Elk that is a valid point about maybe not getting what you might have in the barn when you sell it. When we sold our house in Connecticut with a barn. We received no more money than houses like it were selling for. It was a high quality Morton building with extras and was a pleasure to look at and work in. It sat well on the 3 1/2 acre lot and looked good. I enjoyed the heck out of it and it was worth having had it built.
It was a factor in selling the house but it didn't add to the sale price (kinda like what I hear swimming pools are like). Still If I were to build another barn it would be just like the three we have built so far but with the addition of a ten ft. lean-to on each length instead of one length. We have 12 ft. walls, 1 inch thermatex on roof with seams TAPED under the steel, 1/2 inch thermatex with seams taped on all walls, two ft. overhang with gutters, insulated 12 ft. wide over head doors, two pass doors and plywood all around the lower four ft. inside the barn sitting on six inches of concrete with thick plastic and insulation board underneath it. I put Pex in the concrete for heat and electricity of course is a must. Winters are long here so 64 ft. was the minimum length ;it allowed a twenty yard bow shot on snow days.
Its money you don't necessarily get back but it makes being in there great. Note--in Connecticut the insulation was because you couldn't stand being in them in the summer without it --too hot plus roofs "rained" inside. In New York--same reason plus a start at insulating for the cold and preventing icicles in the winter which would take gutters down.
So the first thing in building a barn is defining your absolute criteria for having it. The cost can run from twenty to seventy-five thousand or more for a 42 by 64 plus lean-to's depending on what you are looking for.

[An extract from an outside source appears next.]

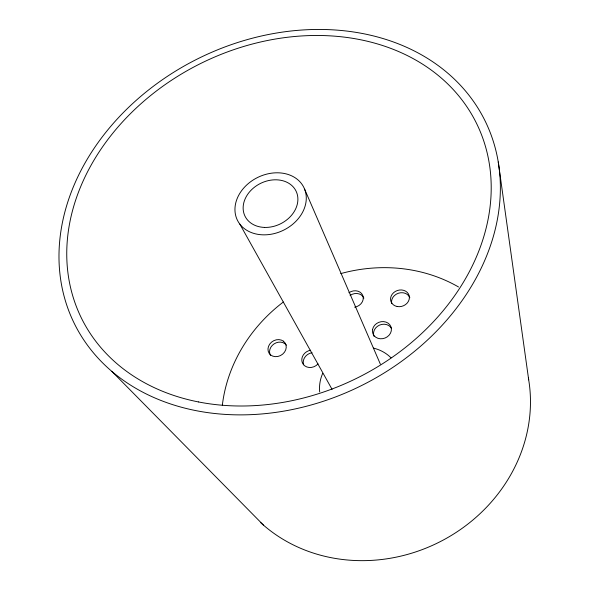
<?xml version="1.0" encoding="UTF-8"?>
<svg xmlns="http://www.w3.org/2000/svg" width="589" height="589" viewBox="0 0 589 589"><rect width="100%" height="100%" fill="white"/><g stroke="black" fill="none" stroke-linecap="round" stroke-linejoin="round"><path stroke-width="0.88" d="M111.851 371.379L263.533 525.182M239.863 224.173L332.071 389.373M304.623 189.202A37.048 29.376 -26.3 0 1 262.937 234.834A37.048 29.376 -26.3 0 1 244.288 187.427A37.048 29.376 -26.3 0 1 304.623 189.202L380.361 364.135M498.25 161.968A229.011 182.759 -26.3 0 1 196.844 410.805A229.011 182.759 -26.3 0 1 143.937 93.71A229.011 182.759 -26.3 0 1 498.25 161.968L528.694 379.839M528.385 378.028A159.177 144.541 -26.3 0 1 443.834 539.745A159.177 144.541 -26.3 0 1 260.809 522.76M374.037 336.348A9.615 8.408 -21.6 0 1 373.529 334.213L373.669 331.975A9.615 8.408 -21.6 0 1 381.797 324.399A9.615 8.408 -21.6 0 1 391.545 328.485M270.491 355.395A9.453 8.113 -31.8 0 1 272.295 345.368A9.453 8.113 -31.8 0 1 282.919 342.621L284.848 343.652A9.453 8.113 -31.8 0 1 286.357 345.161M350.094 295.428A9.387 8.032 -23.3 0 1 363.884 298.159M391.744 303.556A9.512 8.194 -19.1 0 1 398.473 293.212A9.512 8.194 -19.1 0 1 409.848 297.762M303.637 364.805A9.579 8.356 -29.7 0 1 312.06 352.708M354.644 307.193A9.431 8.055 -23.3 0 0 363.251 297.511L362.772 295.457A9.431 8.055 -23.3 0 0 348.924 292.726M318.031 363.869A9.623 8.386 -29.7 0 1 306.795 366.954L304.8 365.872A9.623 8.386 -29.7 0 1 302.348 356.831A9.623 8.386 -29.7 0 1 310.675 350.227M319.694 391.928A41.451 37.092 -26.3 0 1 322.684 373.382M373.345 348.084A41.451 37.092 -26.3 0 1 391.008 357.81M222.333 405.254A153.898 139.519 -26.3 0 1 283.324 302.024M340.766 273.598A153.898 139.519 -26.3 0 1 458.529 286.976M372.579 329.384L372.439 331.622A9.66 8.437 -21.6 0 0 380.185 338.763A9.66 8.437 -21.6 0 0 390.514 333.124L391.273 330.922A9.66 8.437 -21.6 0 0 383.638 321.609A9.66 8.437 -21.6 0 0 372.579 329.384M283.353 341.156L281.417 340.125A9.498 8.143 -31.8 0 0 269.696 344.138A9.498 8.143 -31.8 0 0 270.807 355.071L272.744 356.124A9.498 8.143 -31.8 0 0 284.524 352.134A9.498 8.143 -31.8 0 0 283.353 341.156M397.177 306.516A9.564 8.224 -19.1 0 0 409.164 295.707A9.564 8.224 -19.1 0 0 393.562 292.726A9.564 8.224 -19.1 0 0 397.177 306.516M264.505 227.42A28.441 22.551 -26.3 0 0 296.657 192.485A28.441 22.551 -26.3 0 0 250.384 190.946A28.441 22.551 -26.3 0 0 264.505 227.42M198.449 401.941A220.242 175.669 -26.3 0 0 489.297 163.587A220.242 175.669 -26.3 0 0 149.194 96.699A220.242 175.669 -26.3 0 0 198.449 401.941"/></g></svg>

I'm with you Catscratch on the trailer boxes--I don't want to see something like that every day regardless of the low cost. As a very temporary deal though it would be fine but no not as a permanent structure. For you Catscratch I understand how you would weld outside so a hot building may not be a big deal. However as time goes by your use of the building may change and doing it over usually doesn't produce as great a building. Everything changes overtime.